If CMS is to be asked to play an expanded role as part of health reform, Congress must resolve this inconsistency, Wilensky said. But she and other roundtable participants express skepticism on this front. Weems opined: “If the agency is given discretionary authority that’s going to threaten some particular economic interest, especially one that’s as pervasive as DME providers — they’re everywhere — then ultimately I think that that discretionary authority is doomed to failure.”

Reforming CMS’ Personnel System: Creating A Less Insular Agency. All four roundtable participants lauded CMS’s talented and tireless workforce, but Vladeck and others cited the need to make it easier to bring in senior people from outside the agency who had not spent their entire careers in public service.
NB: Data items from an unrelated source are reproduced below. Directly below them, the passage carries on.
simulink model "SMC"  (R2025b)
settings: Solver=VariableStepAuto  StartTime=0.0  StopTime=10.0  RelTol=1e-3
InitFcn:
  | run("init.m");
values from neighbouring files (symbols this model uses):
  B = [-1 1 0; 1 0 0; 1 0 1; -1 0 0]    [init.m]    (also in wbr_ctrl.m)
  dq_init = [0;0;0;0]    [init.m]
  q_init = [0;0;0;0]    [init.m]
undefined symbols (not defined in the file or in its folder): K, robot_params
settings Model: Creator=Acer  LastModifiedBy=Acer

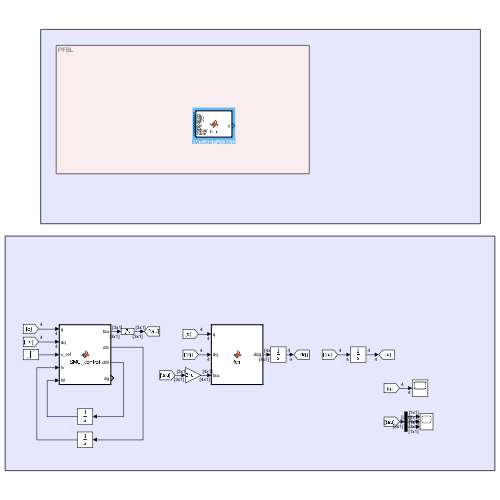
[thumbnail: Simulink's stored preview of the top-level diagram]
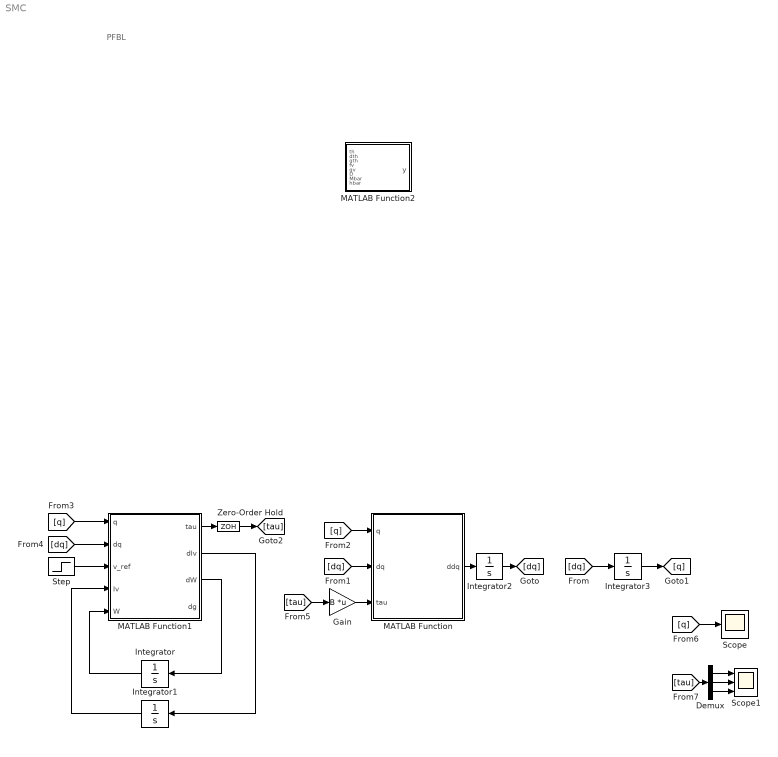
== system SMC ==
  note: PFBL
  Demux : Demux  Outputs=3
  Gain : Gain  Gain=B  Multiplication=Matrix(K*u)
  Integrator : Integrator
  Integrator1 : Integrator
  Integrator2 : Integrator  InitialCondition=dq_init
  Integrator3 : Integrator  InitialCondition=q_init
  MATLAB Function : MATLAB Function  TreatAsAtomicUnit=on
  MATLAB Function1 : MATLAB Function  TreatAsAtomicUnit=on
  MATLAB Function2 : MATLAB Function  TreatAsAtomicUnit=on
  Scope : Scope
      settings: ActiveDisplayYMinimum=-6.2258676593089568  ActiveDisplayYMaximum=47.727726338384315
  Scope1 : Scope  NumInputPorts=3
      settings: ActiveDisplayYMinimum=-22.700835308034456  ActiveDisplayYMaximum=28.535051749705207
  Step : Step  After=0.6  SampleTime=0
  Zero-Order Hold : ZeroOrderHold  SampleTime=1e-2
  wires:
  MATLAB Function1/3(dW) -> Integrator/1
  Integrator/1 -> MATLAB Function1/5(W)
  MATLAB Function1/2(dIv) -> Integrator1/1
  Integrator1/1 -> MATLAB Function1/4(Iv)
  MATLAB Function/1(ddq) -> Integrator2/1
  Integrator2/1 -> [dq]
  [dq] -> Integrator3/1
  Integrator3/1 -> [q]
  [q] -> MATLAB Function/1(q)
  [dq] -> MATLAB Function/2(dq)
  [q] -> MATLAB Function1/1(q)
  [dq] -> MATLAB Function1/2(dq)
  Step/1 -> MATLAB Function1/3(v_ref)
  [q] -> Scope/1
  [tau] -> Gain/1
  Gain/1 -> MATLAB Function/3(tau)
  [tau] -> Demux/1
  Demux/1 -> Scope1/1
  Demux/2 -> Scope1/2
  Demux/3 -> Scope1/3
  MATLAB Function1/1(tau) -> Zero-Order Hold/1
  Zero-Order Hold/1 -> [tau]

== matlab function SMC/MATLAB Function1 ==
  data: q input; tau output; dq input; v_ref input; dIv output; dW output; dg output; Iv input; W input; K parameter; robot_params parameter
function [tau, dIv, dW, dg] = SMC_control(q,      dq,      v_ref, Iv, W, K, robot_params)


[tau, dIv, dW, dg] = wbr_ctrl(q,  dq, v_ref, Iv, W,robot_params, K);

== matlab function SMC/MATLAB Function ==
  data: q input; ddq output; dq input; tau input; B parameter
function ddq = fcn(q,dq, tau, B)

[M,CdQ, Gv] = calc_dynamics(q,dq);

ddq = M\(-CdQ - Gv + tau);

== matlab function SMC/MATLAB Function2 ==
  data: th input; y output; dth input; gth input; fv input; gv input; D input; Mbar input; hbar input
function y = fcn(th, dth, gth, fv, gv, D, Mbar, hbar)
simulink model "multi_rotor_sim"  (R2023b)
settings: Solver=ode4  StartTime=0.0  StopTime=inf  FixedStep=ST  RelTol=1e-3
values from neighbouring files (symbols this model uses):
  a0 = 0    [parameters.m]
  ASLOPE = 5.9    [parameters.m]
  Ax = 0.023    [parameters.m]
  Ay = 0.023    [parameters.m]
  Az = 0.106    [parameters.m]
  BLADES = 2    [parameters.m]
  BLCG = 0    [parameters.m]
  BLCP = 0    [parameters.m]
  BLH1 = b*sind(30)    [parameters.m]
  BLH2 = b    (= 0.275)    [parameters.m]
  BLH3 = b*sind(30)    [parameters.m]
  BLH4 = -b*sind(30)    [parameters.m]
  BLH5 = -b    (= -0.275)    [parameters.m]
  BLH6 = -b*sind(30)    [parameters.m]
  chi1 = 1    [parameters.m]
  chi2 = -1    [parameters.m]
  chi3 = 1    [parameters.m]
  chi4 = -1    [parameters.m]
  chi5 = 1    [parameters.m]
  chi6 = -1    [parameters.m]
  CHORD = 17.55e-3    (= 0.01755)    [parameters.m]
  CHORD75 = 21e-3    (= 0.021)    [parameters.m]
  dyn_viscosity = 17.89e-6    (= 1.789e-05)    [parameters.m]
  g0 = 9.80665    [parameters.m]
  href = 0    [parameters.m]
  k_ind = 1.35    [parameters.m]
  k_Omega = 14.92    [parameters.m]
  latref = 44.200626    [parameters.m]
  lonref = 12.063822    [parameters.m]
  m = 2.15    [parameters.m]
  MC_ATT_PITCH = 45*pi/180    (= 0.785398163397)    [parameters.m]
  MC_ATT_ROLL = 45*pi/180    (= 0.785398163397)    [parameters.m]
  MC_PITCH_P = 2    [parameters.m]
  MC_PITCHRATE_D = 0    [parameters.m]
  MC_PITCHRATE_I = 0.05    [parameters.m]
  MC_PITCHRATE_P = 0.09*3    (= 0.27)    [parameters.m]
  MC_RATE_PITCH = 500*pi/180    (= 8.72664625997)    [parameters.m]
  MC_RATE_ROLL = 500*pi/180    (= 8.72664625997)    [parameters.m]
  MC_RATE_YAW = 300*pi/180    (= 5.23598775598)    [parameters.m]
  MC_ROLL_P = 2    [parameters.m]
  MC_ROLLRATE_D = 0    [parameters.m]
  MC_ROLLRATE_I = 0.05    [parameters.m]
  MC_ROLLRATE_P = 0.09*3    (= 0.27)    [parameters.m]
  MC_VEL_FWD = 15    [parameters.m]
  MC_VEL_FWD_OPT = 0.5    [parameters.m]
  MC_VEL_LAT = 15    [parameters.m]
  MC_VEL_LAT_OPT = 0.5    [parameters.m]
  MC_VEL_VERT = 15    [parameters.m]
  MC_YAW_P = 0.55    [parameters.m]
  MC_YAWRATE_D = 0.05    [parameters.m]
  MC_YAWRATE_I = 0.02    [parameters.m]
  MC_YAWRATE_P = 0.15*3    (= 0.45)    [parameters.m]
  MPC_XY_VEL_D_ACC = 0.6    [parameters.m]
  MPC_XY_VEL_I_ACC = 0.8    [parameters.m]
  MPC_XY_VEL_P_ACC = 1.7    [parameters.m]
  MPC_Z_VEL_D_ACC = 0    [parameters.m]
  MPC_Z_VEL_I_ACC = 2    [parameters.m]
  MPC_Z_VEL_P_ACC = 4    [parameters.m]
  n = 0.6359    [parameters.m]
  p00 = 7.145e-2    (= 0.07145)    [parameters.m]
  p01 = 0.4377    [parameters.m]
  p02 = -10.13    [parameters.m]
  p10 = 1.259e-3    (= 0.001259)    [parameters.m]
  p11 = 1.284e-3    (= 0.001284)    [parameters.m]
  p20 = -7.513e-7    (= -7.513e-07)    [parameters.m]
  PWM_hover = (PWM_idle+PWM_max)/2    (= 1550)    [parameters.m]
  PWM_idle = 1100    [parameters.m]
  PWM_max = 2000    [parameters.m]
  ROTOR = 4*0.0254    (= 0.1016)    [parameters.m]
  ST = 0.01    [parameters.m]
  STACG = 0    [parameters.m]
  STACP = 0    [parameters.m]
  STAH1 = -b*cosd(30)    [parameters.m]
  STAH2 = 0    [parameters.m]
  STAH3 = b*cosd(30)    [parameters.m]
  STAH4 = b*cosd(30)    [parameters.m]
  STAH5 = 0    [parameters.m]
  STAH6 = -b*cosd(30)    [parameters.m]
  TERMINAL_SPEED = 0.5    [parameters.m]
  Theta0 = 45*pi/180    (= 0.785398163397)    [parameters.m]
  THETT = -38.0973*pi/180    (= -0.66492332112)    [parameters.m]
  wind_rate = [ 0 0 0 ]'    [parameters.m]
  wind_velocity_e = [ 0 0 0 ]'    [parameters.m]
  WLCG = -0.02    [parameters.m]
  WLCP = -0.08    [parameters.m]
  WLH1 = 32e-3    (= 0.032)    [parameters.m]
  WLH2 = 32e-3    (= 0.032)    [parameters.m]
  WLH3 = 32e-3    (= 0.032)    [parameters.m]
  WLH4 = 32e-3    (= 0.032)    [parameters.m]
  WLH5 = 32e-3    (= 0.032)    [parameters.m]
  WLH6 = 32e-3    (= 0.032)    [parameters.m]
undefined symbols (not defined in the file or in its folder): Earth, WGS84, X, Y, Z
libraries: sm_lib x258, slpidlib x36, nesl_utility x15, sharedtransform x13, aerolibutil x4, aerolibanimutils x3, sharedutil x2, sim3dlib x1, uavsim3dlib x1, shared6dof x1, aerolibtransform2 x1, aerolibatmos2 x1
(part 8 of 11)

== system multi_rotor_sim/3D_visualization/SIMECHANICS 3D SCENE/SimMechanics/MotorA/DCBL_Assembly_Clockwise_1_Top_1_RIGID ==
  Assem1DCBL_Assembly_Clockwise_1_Top_1_RIGID : Subsystem
  ReferenceFrame : sm_lib/Frames and Transforms/Reference Frame
  Transform : sm_lib/Frames and Transforms/Rigid Transform  TranslationMethod=Cartesian  TranslationStandardOffset=0  TranslationStandardOffsetUnits=mm  TranslationStandardAxis=+Z  TranslationCartesianOffset=[-1.7338900268269642e-14 5.4999999999999929 -2.252012665224854e-14]  TranslationCartesianOffsetUnits=mm  TranslationROffset=0  TranslationROffsetUnits=m  TranslationZOffset=0  TranslationZOffsetUnits=m  TranslationThetaOffset=0  TranslationThetaOffsetUnits=deg  RotationMethod=ArbitraryAxis  RotationAngleUnits=rad  RotationStandardAxis=+Z  RotationAngle=2.0943951023931957  RotationArbitraryAxis=[0.57735026918962584 -0.57735026918962573 0.57735026918962573]  FollAlignAxisA=+X  BaseAlignAxisA=+Y  FollAlignAxisB=+Y  BaseAlignAxisB=+Z  RotationSequenceAxes=FollowerAxes  RotationSequence=XYX  RotationSequenceAngles=[0 0 0]  RotationSequenceAnglesUnits=deg  RotationMatrix=[1 0 0; 0 1 0; 0 0 1]  Quaternion=[1 0 0 0]
  F : PMIOPort  Side=Left
  connections:
  ReferenceFrame/RConn1 -- Assem1DCBL_Assembly_Clockwise_1_Top_1_RIGID/LConn1 -- Transform/LConn1
  Transform/RConn1 -- F/RConn1

== system multi_rotor_sim/3D_visualization/SIMECHANICS 3D SCENE/SimMechanics/MotorB/DCBL_Assembly_CounterClockwise_2_Top_1_RIGID ==
  Assem2DCBL_Assembly_CounterClockwise_2_Top_1_RIGID : Subsystem
  ReferenceFrame : sm_lib/Frames and Transforms/Reference Frame
  Transform : sm_lib/Frames and Transforms/Rigid Transform  TranslationMethod=Cartesian  TranslationStandardOffset=0  TranslationStandardOffsetUnits=mm  TranslationStandardAxis=+Z  TranslationCartesianOffset=[5.4329271302963538e-14 5.5000000000000071 -8.6888702660306153e-14]  TranslationCartesianOffsetUnits=mm  TranslationROffset=0  TranslationROffsetUnits=m  TranslationZOffset=0  TranslationZOffsetUnits=m  TranslationThetaOffset=0  TranslationThetaOffsetUnits=deg  RotationMethod=ArbitraryAxis  RotationAngleUnits=rad  RotationStandardAxis=+Z  RotationAngle=2.0943951023931953  RotationArbitraryAxis=[0.57735026918962584 -0.57735026918962584 0.57735026918962584]  FollAlignAxisA=+X  BaseAlignAxisA=+Y  FollAlignAxisB=+Y  BaseAlignAxisB=+Z  RotationSequenceAxes=FollowerAxes  RotationSequence=XYX  RotationSequenceAngles=[0 0 0]  RotationSequenceAnglesUnits=deg  RotationMatrix=[1 0 0; 0 1 0; 0 0 1]  Quaternion=[1 0 0 0]
  F : PMIOPort  Side=Left
  connections:
  ReferenceFrame/RConn1 -- Assem2DCBL_Assembly_CounterClockwise_2_Top_1_RIGID/LConn1 -- Transform/LConn1
  Transform/RConn1 -- F/RConn1

== system multi_rotor_sim/3D_visualization/SIMECHANICS 3D SCENE/SimMechanics/MotorC/DCBL_Assembly_Clockwise_3_Top_1_RIGID ==
  Assem3DCBL_Assembly_Clockwise_3_Top_1_RIGID : Subsystem
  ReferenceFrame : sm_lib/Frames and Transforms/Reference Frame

Vladeck described observing “a certain lack of empathy for providers” among CMS’ senior staff “because none of them had ever been there.” He added: “The federal personnel system is still terribly slanted in that direction. The people at CMS are very talented, very bright, very committed, and very hard working, but their personal and professional experiences are limited because of the way the system works.”